A estática apitou novamente no walkie de George, era o doutor outra vez.

— George, não vai dar certo, ghá, eu já posso ver o desgraçado do Rufus carregando um crucifixo como se estivesse comandando uma cruzada. Eles estão avançando muito rápido.

— Saia daí de cima, tá me ouvindo? – Respondeu George – Tire todo mundo daí de cima e venham aqui pra dentro.

— Okay! – Rubinson fez sinal para os outros – Vamos sair daqui. Todo mundo. Agora!

Na sala de controle Lucas olhou temeroso para George.

— Você não vai fazer isso, vai?

— Você pode apostar que vou sim!

George avançou sobre as alavancas no painel e empurrou todas as cinco para cima de uma vez.

A represa tremeu como se um terremoto atingisse a região.

As comportas se chacoalharam sob os pés de Rubinson e ele deixou os binóculos caírem desaparecendo sob as águas. Alice se agarrou no corrimão de ferro e Penny gritou chamando todos rumo a sala de máquinas.

As águas jorravam encosta abaixo como um tsunami em uma onda ensurdecedora de lama e cascalho.

Seguindo a procissão de cadáveres ao longe, Rosita sentiu o tremor atemorizante e letal arrastando rochas, árvores e a terra negra circundando a represa. A velha-coisa arreganhou sua boca até que seus maxilares quase tocassem seu peito e correu, saltitando como uma aranha. Rufus, Lamar e agora Claus a seguiram pulando sobre as rochas. O exército de mortos que ainda marchava para fora dos limites da cidade tentava fazer o mesmo.

A torrente quebrou no sopé da colina, à entrada de Escondido, e arrebentou sobre uma turba de coisas mortas-vivas as arrastando em uma avalanche de carne, ossos e sangue. A senhora Pétrica Vanderlou, esposa de Jubileu Morgan, saltou sobre um telhado seguida por ele em seu chapéu panamá.

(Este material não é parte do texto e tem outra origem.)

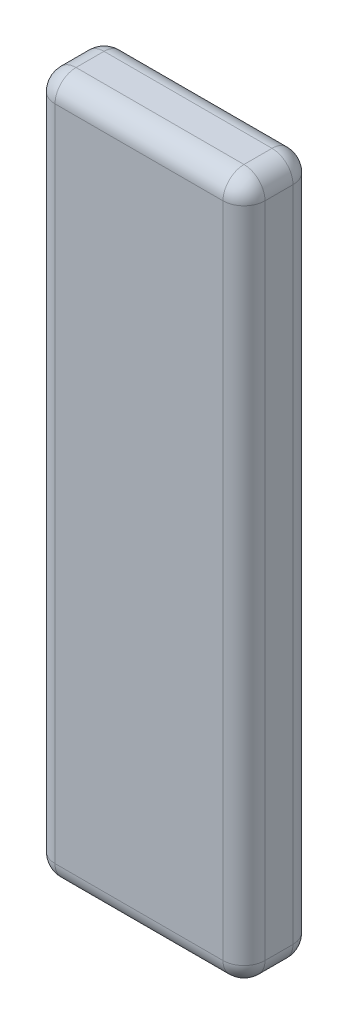
ISO-10303-21;
HEADER;
FILE_DESCRIPTION(('STEP AP214'),'2;1');
FILE_NAME('part.step','',(''),(''),'','','');
FILE_SCHEMA(('AUTOMOTIVE_DESIGN { 1 0 10303 214 1 1 1 1 }'));
ENDSEC;
DATA;
#1=APPLICATION_CONTEXT('core data for automotive mechanical design processes');
#2=APPLICATION_PROTOCOL_DEFINITION('international standard','automotive_design',2000,#1);
#3=PRODUCT_CONTEXT('',#1,'mechanical');
#4=PRODUCT('Part','Part','',(#3));
#5=PRODUCT_RELATED_PRODUCT_CATEGORY('part','',(#4));
#6=PRODUCT_DEFINITION_FORMATION('','',#4);
#7=PRODUCT_DEFINITION_CONTEXT('part definition',#1,'design');
#8=PRODUCT_DEFINITION('design','',#6,#7);
#9=PRODUCT_DEFINITION_SHAPE('','',#8);
#10=(LENGTH_UNIT() NAMED_UNIT(*) SI_UNIT(.MILLI.,.METRE.));
#11=(NAMED_UNIT(*) PLANE_ANGLE_UNIT() SI_UNIT($,.RADIAN.));
#12=(NAMED_UNIT(*) SI_UNIT($,.STERADIAN.) SOLID_ANGLE_UNIT());
#13=UNCERTAINTY_MEASURE_WITH_UNIT(LENGTH_MEASURE(1.E-05),#10,'distance_accuracy_value','');
#14=(GEOMETRIC_REPRESENTATION_CONTEXT(3) GLOBAL_UNCERTAINTY_ASSIGNED_CONTEXT((#13)) GLOBAL_UNIT_ASSIGNED_CONTEXT((#10,
#11,#12)) REPRESENTATION_CONTEXT('',''));
#15=CARTESIAN_POINT('',(0.,0.,0.));
#16=DIRECTION('',(0.,0.,1.));
#17=DIRECTION('',(1.,0.,0.));
#18=AXIS2_PLACEMENT_3D('',#15,#16,#17);
#19=CARTESIAN_POINT('',(0.,0.,2.));
#20=DIRECTION('',(1.,0.,0.));
#21=DIRECTION('',(0.,0.,-1.));
#22=AXIS2_PLACEMENT_3D('',#19,#20,#21);
#23=PLANE('',#22);
#24=DIRECTION('',(0.,-1.,0.));
#25=VECTOR('',#24,1.);
#26=CARTESIAN_POINT('',(0.,0.,1.4));
#27=LINE('',#26,#25);
#28=CARTESIAN_POINT('',(0.,-19.4,1.4));
#29=VERTEX_POINT('',#28);
#30=CARTESIAN_POINT('',(0.,-0.6,1.4));
#31=VERTEX_POINT('',#30);
#32=EDGE_CURVE('E135',#29,#31,#27,.F.);
#33=ORIENTED_EDGE('',*,*,#32,.T.);
#34=DIRECTION('',(0.,0.,-1.));
#35=VECTOR('',#34,1.);
#36=CARTESIAN_POINT('',(0.,-0.6,2.));
#37=LINE('',#36,#35);
#38=CARTESIAN_POINT('',(0.,-0.6,0.6));
#39=VERTEX_POINT('',#38);
#40=EDGE_CURVE('E172',#31,#39,#37,.T.);
#41=ORIENTED_EDGE('',*,*,#40,.T.);
#42=DIRECTION('',(0.,-1.,0.));
#43=VECTOR('',#42,1.);
#44=CARTESIAN_POINT('',(0.,0.,0.6));
#45=LINE('',#44,#43);
#46=CARTESIAN_POINT('',(0.,-19.4,0.6));
#47=VERTEX_POINT('',#46);
#48=EDGE_CURVE('E138',#39,#47,#45,.T.);
#49=ORIENTED_EDGE('',*,*,#48,.T.);
#50=DIRECTION('',(0.,0.,-1.));
#51=VECTOR('',#50,1.);
#52=CARTESIAN_POINT('',(0.,-19.4,2.));
#53=LINE('',#52,#51);
#54=EDGE_CURVE('E131',#47,#29,#53,.F.);
#55=ORIENTED_EDGE('',*,*,#54,.T.);
#56=EDGE_LOOP('',(#33,#41,#49,#55));
#57=FACE_BOUND('',#56,.T.);
#58=ADVANCED_FACE('F43',(#57),#23,.F.);
#59=CARTESIAN_POINT('',(0.,-20.,2.));
#60=DIRECTION('',(0.,1.,0.));
#61=DIRECTION('',(0.,0.,1.));
#62=AXIS2_PLACEMENT_3D('',#59,#60,#61);
#63=PLANE('',#62);
#64=DIRECTION('',(1.,0.,0.));
#65=VECTOR('',#64,1.);
#66=CARTESIAN_POINT('',(0.,-20.,1.4));
#67=LINE('',#66,#65);
#68=CARTESIAN_POINT('',(5.4,-20.,1.4));
#69=VERTEX_POINT('',#68);
#70=CARTESIAN_POINT('',(0.6,-20.,1.4));
#71=VERTEX_POINT('',#70);
#72=EDGE_CURVE('E192',#69,#71,#67,.F.);
#73=ORIENTED_EDGE('',*,*,#72,.T.);
#74=DIRECTION('',(0.,0.,-1.));
#75=VECTOR('',#74,1.);
#76=CARTESIAN_POINT('',(0.6,-20.,2.));
#77=LINE('',#76,#75);
#78=CARTESIAN_POINT('',(0.6,-20.,0.6));
#79=VERTEX_POINT('',#78);
#80=EDGE_CURVE('E149',#71,#79,#77,.T.);
#81=ORIENTED_EDGE('',*,*,#80,.T.);
#82=DIRECTION('',(1.,0.,0.));
#83=VECTOR('',#82,1.);
#84=CARTESIAN_POINT('',(0.,-20.,0.6));
#85=LINE('',#84,#83);
#86=CARTESIAN_POINT('',(5.4,-20.,0.6));
#87=VERTEX_POINT('',#86);
#88=EDGE_CURVE('E196',#79,#87,#85,.T.);
#89=ORIENTED_EDGE('',*,*,#88,.T.);
#90=DIRECTION('',(0.,0.,-1.));
#91=VECTOR('',#90,1.);
#92=CARTESIAN_POINT('',(5.4,-20.,2.));
#93=LINE('',#92,#91);
#94=EDGE_CURVE('E194',#87,#69,#93,.F.);
#95=ORIENTED_EDGE('',*,*,#94,.T.);
#96=EDGE_LOOP('',(#73,#81,#89,#95));
#97=FACE_BOUND('',#96,.T.);
#98=ADVANCED_FACE('F306',(#97),#63,.F.);
#99=CARTESIAN_POINT('',(6.,0.,2.));
#100=DIRECTION('',(-1.,0.,0.));
#101=DIRECTION('',(0.,-1.,0.));
#102=AXIS2_PLACEMENT_3D('',#99,#100,#101);
#103=PLANE('',#102);
#104=DIRECTION('',(0.,0.,-1.));
#105=VECTOR('',#104,1.);
#106=CARTESIAN_POINT('',(6.,-19.4,2.));
#107=LINE('',#106,#105);
#108=CARTESIAN_POINT('',(6.,-19.4,1.4));
#109=VERTEX_POINT('',#108);
#110=CARTESIAN_POINT('',(6.,-19.4,0.6));
#111=VERTEX_POINT('',#110);
#112=EDGE_CURVE('E203',#109,#111,#107,.T.);
#113=ORIENTED_EDGE('',*,*,#112,.T.);
#114=DIRECTION('',(0.,1.,0.));
#115=VECTOR('',#114,1.);
#116=CARTESIAN_POINT('',(6.,0.,0.6));
#117=LINE('',#116,#115);
#118=CARTESIAN_POINT('',(6.,-0.6,0.6));
#119=VERTEX_POINT('',#118);
#120=EDGE_CURVE('E206',#111,#119,#117,.T.);
#121=ORIENTED_EDGE('',*,*,#120,.T.);
#122=DIRECTION('',(0.,0.,-1.));
#123=VECTOR('',#122,1.);
#124=CARTESIAN_POINT('',(6.,-0.6,2.));
#125=LINE('',#124,#123);
#126=CARTESIAN_POINT('',(6.,-0.6,1.4));
#127=VERTEX_POINT('',#126);
#128=EDGE_CURVE('E201',#119,#127,#125,.F.);
#129=ORIENTED_EDGE('',*,*,#128,.T.);
#130=DIRECTION('',(0.,1.,0.));
#131=VECTOR('',#130,1.);
#132=CARTESIAN_POINT('',(6.,-20.,1.4));
#133=LINE('',#132,#131);
#134=EDGE_CURVE('E199',#127,#109,#133,.F.);
#135=ORIENTED_EDGE('',*,*,#134,.T.);
#136=EDGE_LOOP('',(#113,#121,#129,#135));
#137=FACE_BOUND('',#136,.T.);
#138=ADVANCED_FACE('F283',(#137),#103,.F.);
#139=CARTESIAN_POINT('',(0.,0.,2.));
#140=DIRECTION('',(0.,-1.,0.));
#141=DIRECTION('',(0.,0.,-1.));
#142=AXIS2_PLACEMENT_3D('',#139,#140,#141);
#143=PLANE('',#142);
#144=DIRECTION('',(-1.,0.,0.));
#145=VECTOR('',#144,1.);
#146=CARTESIAN_POINT('',(0.,0.,0.6));
#147=LINE('',#146,#145);
#148=CARTESIAN_POINT('',(5.4,0.,0.6));
#149=VERTEX_POINT('',#148);
#150=CARTESIAN_POINT('',(0.6,0.,0.6));
#151=VERTEX_POINT('',#150);
#152=EDGE_CURVE('E178',#149,#151,#147,.T.);
#153=ORIENTED_EDGE('',*,*,#152,.T.);
#154=DIRECTION('',(0.,0.,-1.));
#155=VECTOR('',#154,1.);
#156=CARTESIAN_POINT('',(0.6,0.,2.));
#157=LINE('',#156,#155);
#158=CARTESIAN_POINT('',(0.6,0.,1.4));
#159=VERTEX_POINT('',#158);
#160=EDGE_CURVE('E180',#151,#159,#157,.F.);
#161=ORIENTED_EDGE('',*,*,#160,.T.);
#162=DIRECTION('',(-1.,0.,0.));
#163=VECTOR('',#162,1.);
#164=CARTESIAN_POINT('',(6.,0.,1.4));
#165=LINE('',#164,#163);
#166=CARTESIAN_POINT('',(5.4,0.,1.4));
#167=VERTEX_POINT('',#166);
#168=EDGE_CURVE('E174',#159,#167,#165,.F.);
#169=ORIENTED_EDGE('',*,*,#168,.T.);
#170=DIRECTION('',(0.,0.,-1.));
#171=VECTOR('',#170,1.);
#172=CARTESIAN_POINT('',(5.4,0.,2.));
#173=LINE('',#172,#171);
#174=EDGE_CURVE('E176',#167,#149,#173,.T.);
#175=ORIENTED_EDGE('',*,*,#174,.T.);
#176=EDGE_LOOP('',(#153,#161,#169,#175));
#177=FACE_BOUND('',#176,.T.);
#178=ADVANCED_FACE('F313',(#177),#143,.F.);
#179=CARTESIAN_POINT('',(0.,0.,2.));
#180=DIRECTION('',(0.,0.,1.));
#181=DIRECTION('',(1.,0.,0.));
#182=AXIS2_PLACEMENT_3D('',#179,#180,#181);
#183=PLANE('',#182);
#184=DIRECTION('',(0.,1.,0.));
#185=VECTOR('',#184,1.);
#186=CARTESIAN_POINT('',(5.4,0.,2.));
#187=LINE('',#186,#185);
#188=CARTESIAN_POINT('',(5.4,-19.4,2.));
#189=VERTEX_POINT('',#188);
#190=CARTESIAN_POINT('',(5.4,-0.6,2.));
#191=VERTEX_POINT('',#190);
#192=EDGE_CURVE('E52',#189,#191,#187,.T.);
#193=ORIENTED_EDGE('',*,*,#192,.T.);
#194=DIRECTION('',(-1.,0.,0.));
#195=VECTOR('',#194,1.);
#196=CARTESIAN_POINT('',(0.,-0.6,2.));
#197=LINE('',#196,#195);
#198=CARTESIAN_POINT('',(0.6,-0.6,2.));
#199=VERTEX_POINT('',#198);
#200=EDGE_CURVE('E11',#191,#199,#197,.T.);
#201=ORIENTED_EDGE('',*,*,#200,.T.);
#202=DIRECTION('',(0.,-1.,0.));
#203=VECTOR('',#202,1.);
#204=CARTESIAN_POINT('',(0.6,-20.,2.));
#205=LINE('',#204,#203);
#206=CARTESIAN_POINT('',(0.6,-19.4,2.));
#207=VERTEX_POINT('',#206);
#208=EDGE_CURVE('E208',#199,#207,#205,.T.);
#209=ORIENTED_EDGE('',*,*,#208,.T.);
#210=DIRECTION('',(1.,0.,0.));
#211=VECTOR('',#210,1.);
#212=CARTESIAN_POINT('',(6.,-19.4,2.));
#213=LINE('',#212,#211);
#214=EDGE_CURVE('E63',#207,#189,#213,.T.);
#215=ORIENTED_EDGE('',*,*,#214,.T.);
#216=EDGE_LOOP('',(#193,#201,#209,#215));
#217=FACE_BOUND('',#216,.T.);
#218=ADVANCED_FACE('F376',(#217),#183,.T.);
#219=CARTESIAN_POINT('',(0.,0.,0.));
#220=DIRECTION('',(0.,0.,1.));
#221=DIRECTION('',(1.,0.,0.));
#222=AXIS2_PLACEMENT_3D('',#219,#220,#221);
#223=PLANE('',#222);
#224=DIRECTION('',(0.,-1.,0.));
#225=VECTOR('',#224,1.);
#226=CARTESIAN_POINT('',(0.6,0.,0.));
#227=LINE('',#226,#225);
#228=CARTESIAN_POINT('',(0.6,-19.4,0.));
#229=VERTEX_POINT('',#228);
#230=CARTESIAN_POINT('',(0.6,-0.6,0.));
#231=VERTEX_POINT('',#230);
#232=EDGE_CURVE('E187',#229,#231,#227,.F.);
#233=ORIENTED_EDGE('',*,*,#232,.T.);
#234=DIRECTION('',(-1.,0.,0.));
#235=VECTOR('',#234,1.);
#236=CARTESIAN_POINT('',(0.,-0.6,0.));
#237=LINE('',#236,#235);
#238=CARTESIAN_POINT('',(5.4,-0.6,0.));
#239=VERTEX_POINT('',#238);
#240=EDGE_CURVE('E189',#231,#239,#237,.F.);
#241=ORIENTED_EDGE('',*,*,#240,.T.);
#242=DIRECTION('',(0.,1.,0.));
#243=VECTOR('',#242,1.);
#244=CARTESIAN_POINT('',(5.4,0.,0.));
#245=LINE('',#244,#243);
#246=CARTESIAN_POINT('',(5.4,-19.4,0.));
#247=VERTEX_POINT('',#246);
#248=EDGE_CURVE('E183',#239,#247,#245,.F.);
#249=ORIENTED_EDGE('',*,*,#248,.T.);
#250=DIRECTION('',(1.,0.,0.));
#251=VECTOR('',#250,1.);
#252=CARTESIAN_POINT('',(0.,-19.4,0.));
#253=LINE('',#252,#251);
#254=EDGE_CURVE('E185',#247,#229,#253,.F.);
#255=ORIENTED_EDGE('',*,*,#254,.T.);
#256=EDGE_LOOP('',(#233,#241,#249,#255));
#257=FACE_BOUND('',#256,.T.);
#258=ADVANCED_FACE('F274',(#257),#223,.F.);
#259=CARTESIAN_POINT('',(5.4,-19.4,2.));
#260=DIRECTION('',(0.,0.,-1.));
#261=DIRECTION('',(-1.,0.,0.));
#262=AXIS2_PLACEMENT_3D('',#259,#260,#261);
#263=CYLINDRICAL_SURFACE('',#262,0.6);
#264=CARTESIAN_POINT('',(5.4,-19.4,1.4));
#265=DIRECTION('',(0.,0.,1.));
#266=DIRECTION('',(1.,0.,0.));
#267=AXIS2_PLACEMENT_3D('',#264,#265,#266);
#268=CIRCLE('',#267,0.6);
#269=EDGE_CURVE('E47',#69,#109,#268,.T.);
#270=ORIENTED_EDGE('',*,*,#269,.F.);
#271=ORIENTED_EDGE('',*,*,#94,.F.);
#272=CARTESIAN_POINT('',(5.4,-19.4,0.6));
#273=DIRECTION('',(0.,0.,-1.));
#274=DIRECTION('',(-1.,0.,0.));
#275=AXIS2_PLACEMENT_3D('',#272,#273,#274);
#276=CIRCLE('',#275,0.6);
#277=EDGE_CURVE('E169',#111,#87,#276,.T.);
#278=ORIENTED_EDGE('',*,*,#277,.F.);
#279=ORIENTED_EDGE('',*,*,#112,.F.);
#280=EDGE_LOOP('',(#270,#271,#278,#279));
#281=FACE_BOUND('',#280,.T.);
#282=ADVANCED_FACE('F45',(#281),#263,.T.);
#283=CARTESIAN_POINT('',(5.4,-19.4,1.4));
#284=DIRECTION('',(1.,0.,0.));
#285=DIRECTION('',(0.,0.,-1.));
#286=AXIS2_PLACEMENT_3D('',#283,#284,#285);
#287=SPHERICAL_SURFACE('',#286,0.6);
#288=CARTESIAN_POINT('',(5.4,-19.4,1.4));
#289=DIRECTION('',(1.,0.,0.));
#290=DIRECTION('',(0.,0.,-1.));
#291=AXIS2_PLACEMENT_3D('',#288,#289,#290);
#292=CIRCLE('',#291,0.6);
#293=EDGE_CURVE('E254',#69,#189,#292,.F.);
#294=ORIENTED_EDGE('',*,*,#293,.F.);
#295=ORIENTED_EDGE('',*,*,#269,.T.);
#296=CARTESIAN_POINT('',(5.4,-19.4,1.4));
#297=DIRECTION('',(0.,-1.,0.));
#298=DIRECTION('',(0.,0.,-1.));
#299=AXIS2_PLACEMENT_3D('',#296,#297,#298);
#300=CIRCLE('',#299,0.6);
#301=EDGE_CURVE('E256',#189,#109,#300,.F.);
#302=ORIENTED_EDGE('',*,*,#301,.F.);
#303=EDGE_LOOP('',(#294,#295,#302));
#304=FACE_BOUND('',#303,.T.);
#305=ADVANCED_FACE('F301',(#304),#287,.T.);
#306=CARTESIAN_POINT('',(5.4,-19.4,0.6));
#307=DIRECTION('',(0.,-1.,0.));
#308=DIRECTION('',(0.,0.,-1.));
#309=AXIS2_PLACEMENT_3D('',#306,#307,#308);
#310=SPHERICAL_SURFACE('',#309,0.6);
#311=CARTESIAN_POINT('',(5.4,-19.4,0.6));
#312=DIRECTION('',(0.,-1.,0.));
#313=DIRECTION('',(0.,0.,-1.));
#314=AXIS2_PLACEMENT_3D('',#311,#312,#313);
#315=CIRCLE('',#314,0.6);
#316=EDGE_CURVE('E248',#111,#247,#315,.F.);
#317=ORIENTED_EDGE('',*,*,#316,.F.);
#318=ORIENTED_EDGE('',*,*,#277,.T.);
#319=CARTESIAN_POINT('',(5.4,-19.4,0.6));
#320=DIRECTION('',(1.,0.,0.));
#321=DIRECTION('',(0.,0.,-1.));
#322=AXIS2_PLACEMENT_3D('',#319,#320,#321);
#323=CIRCLE('',#322,0.6);
#324=EDGE_CURVE('E251',#247,#87,#323,.F.);
#325=ORIENTED_EDGE('',*,*,#324,.F.);
#326=EDGE_LOOP('',(#317,#318,#325));
#327=FACE_BOUND('',#326,.T.);
#328=ADVANCED_FACE('F263',(#327),#310,.T.);
#329=CARTESIAN_POINT('',(5.4,0.,1.4));
#330=DIRECTION('',(0.,-1.,0.));
#331=DIRECTION('',(1.,0.,0.));
#332=AXIS2_PLACEMENT_3D('',#329,#330,#331);
#333=CYLINDRICAL_SURFACE('',#332,0.6);
#334=ORIENTED_EDGE('',*,*,#301,.T.);
#335=ORIENTED_EDGE('',*,*,#134,.F.);
#336=CARTESIAN_POINT('',(5.4,-0.6,1.4));
#337=DIRECTION('',(0.,1.,0.));
#338=DIRECTION('',(-1.,0.,0.));
#339=AXIS2_PLACEMENT_3D('',#336,#337,#338);
#340=CIRCLE('',#339,0.6);
#341=EDGE_CURVE('E242',#191,#127,#340,.T.);
#342=ORIENTED_EDGE('',*,*,#341,.F.);
#343=ORIENTED_EDGE('',*,*,#192,.F.);
#344=EDGE_LOOP('',(#334,#335,#342,#343));
#345=FACE_BOUND('',#344,.T.);
#346=ADVANCED_FACE('F296',(#345),#333,.T.);
#347=CARTESIAN_POINT('',(0.,-19.4,1.4));
#348=DIRECTION('',(-1.,0.,0.));
#349=DIRECTION('',(0.,0.,1.));
#350=AXIS2_PLACEMENT_3D('',#347,#348,#349);
#351=CYLINDRICAL_SURFACE('',#350,0.6);
#352=ORIENTED_EDGE('',*,*,#293,.T.);
#353=ORIENTED_EDGE('',*,*,#214,.F.);
#354=CARTESIAN_POINT('',(0.6,-19.4,1.4));
#355=DIRECTION('',(-1.,0.,0.));
#356=DIRECTION('',(0.,0.,1.));
#357=AXIS2_PLACEMENT_3D('',#354,#355,#356);
#358=CIRCLE('',#357,0.6);
#359=EDGE_CURVE('E153',#71,#207,#358,.T.);
#360=ORIENTED_EDGE('',*,*,#359,.F.);
#361=ORIENTED_EDGE('',*,*,#72,.F.);
#362=EDGE_LOOP('',(#352,#353,#360,#361));
#363=FACE_BOUND('',#362,.T.);
#364=ADVANCED_FACE('F304',(#363),#351,.T.);
#365=CARTESIAN_POINT('',(0.6,-19.4,2.));
#366=DIRECTION('',(0.,0.,-1.));
#367=DIRECTION('',(-1.,0.,0.));
#368=AXIS2_PLACEMENT_3D('',#365,#366,#367);
#369=CYLINDRICAL_SURFACE('',#368,0.6);
#370=CARTESIAN_POINT('',(0.6,-19.4,0.6));
#371=DIRECTION('',(0.,0.,-1.));
#372=DIRECTION('',(-1.,0.,0.));
#373=AXIS2_PLACEMENT_3D('',#370,#371,#372);
#374=CIRCLE('',#373,0.6);
#375=EDGE_CURVE('E154',#79,#47,#374,.T.);
#376=ORIENTED_EDGE('',*,*,#375,.F.);
#377=ORIENTED_EDGE('',*,*,#80,.F.);
#378=CARTESIAN_POINT('',(0.6,-19.4,1.4));
#379=DIRECTION('',(0.,0.,1.));
#380=DIRECTION('',(1.,0.,0.));
#381=AXIS2_PLACEMENT_3D('',#378,#379,#380);
#382=CIRCLE('',#381,0.6);
#383=EDGE_CURVE('E145',#29,#71,#382,.T.);
#384=ORIENTED_EDGE('',*,*,#383,.F.);
#385=ORIENTED_EDGE('',*,*,#54,.F.);
#386=EDGE_LOOP('',(#376,#377,#384,#385));
#387=FACE_BOUND('',#386,.T.);
#388=ADVANCED_FACE('F147',(#387),#369,.T.);
#389=CARTESIAN_POINT('',(0.,-19.4,0.6));
#390=DIRECTION('',(1.,0.,0.));
#391=DIRECTION('',(0.,0.,-1.));
#392=AXIS2_PLACEMENT_3D('',#389,#390,#391);
#393=CYLINDRICAL_SURFACE('',#392,0.6);
#394=ORIENTED_EDGE('',*,*,#324,.T.);
#395=ORIENTED_EDGE('',*,*,#88,.F.);
#396=CARTESIAN_POINT('',(0.6,-19.4,0.6));
#397=DIRECTION('',(-1.,0.,0.));
#398=DIRECTION('',(0.,0.,1.));
#399=AXIS2_PLACEMENT_3D('',#396,#397,#398);
#400=CIRCLE('',#399,0.6);
#401=EDGE_CURVE('E238',#229,#79,#400,.T.);
#402=ORIENTED_EDGE('',*,*,#401,.F.);
#403=ORIENTED_EDGE('',*,*,#254,.F.);
#404=EDGE_LOOP('',(#394,#395,#402,#403));
#405=FACE_BOUND('',#404,.T.);
#406=ADVANCED_FACE('F270',(#405),#393,.T.);
#407=CARTESIAN_POINT('',(5.4,0.,0.6));
#408=DIRECTION('',(0.,1.,0.));
#409=DIRECTION('',(-1.,0.,0.));
#410=AXIS2_PLACEMENT_3D('',#407,#408,#409);
#411=CYLINDRICAL_SURFACE('',#410,0.6);
#412=ORIENTED_EDGE('',*,*,#316,.T.);
#413=ORIENTED_EDGE('',*,*,#248,.F.);
#414=CARTESIAN_POINT('',(5.4,-0.6,0.6));
#415=DIRECTION('',(0.,1.,0.));
#416=DIRECTION('',(-1.,0.,0.));
#417=AXIS2_PLACEMENT_3D('',#414,#415,#416);
#418=CIRCLE('',#417,0.6);
#419=EDGE_CURVE('E235',#119,#239,#418,.T.);
#420=ORIENTED_EDGE('',*,*,#419,.F.);
#421=ORIENTED_EDGE('',*,*,#120,.F.);
#422=EDGE_LOOP('',(#412,#413,#420,#421));
#423=FACE_BOUND('',#422,.T.);
#424=ADVANCED_FACE('F280',(#423),#411,.T.);
#425=CARTESIAN_POINT('',(5.4,-0.6,2.));
#426=DIRECTION('',(0.,0.,-1.));
#427=DIRECTION('',(-1.,0.,0.));
#428=AXIS2_PLACEMENT_3D('',#425,#426,#427);
#429=CYLINDRICAL_SURFACE('',#428,0.6);
#430=CARTESIAN_POINT('',(5.4,-0.6,1.4));
#431=DIRECTION('',(0.,0.,1.));
#432=DIRECTION('',(1.,0.,0.));
#433=AXIS2_PLACEMENT_3D('',#430,#431,#432);
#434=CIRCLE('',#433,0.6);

A onda escura atulhada de cadáveres e destroços dividiu-se ao meio como uma língua de serpente ao atingir a velha igreja. A torre do sino tombou e o grande crucifixo de aço no topo desabou sobre a velha senhora Vanderlou partindo seu corpo ao meio. O telhado esfarelou-se e o impacto das águas decapitou Morgan. Seu chapéu panamá submergiu junto com seus restos.

A outra metade da onda negra e mortal devorou o restante da multidão de mortos.

A água atingiu as casas e os corpos possuídos com toda sua força. O cadáver de Claus Von Berg e Lamar foram engolidos pelas águas. Para sempre.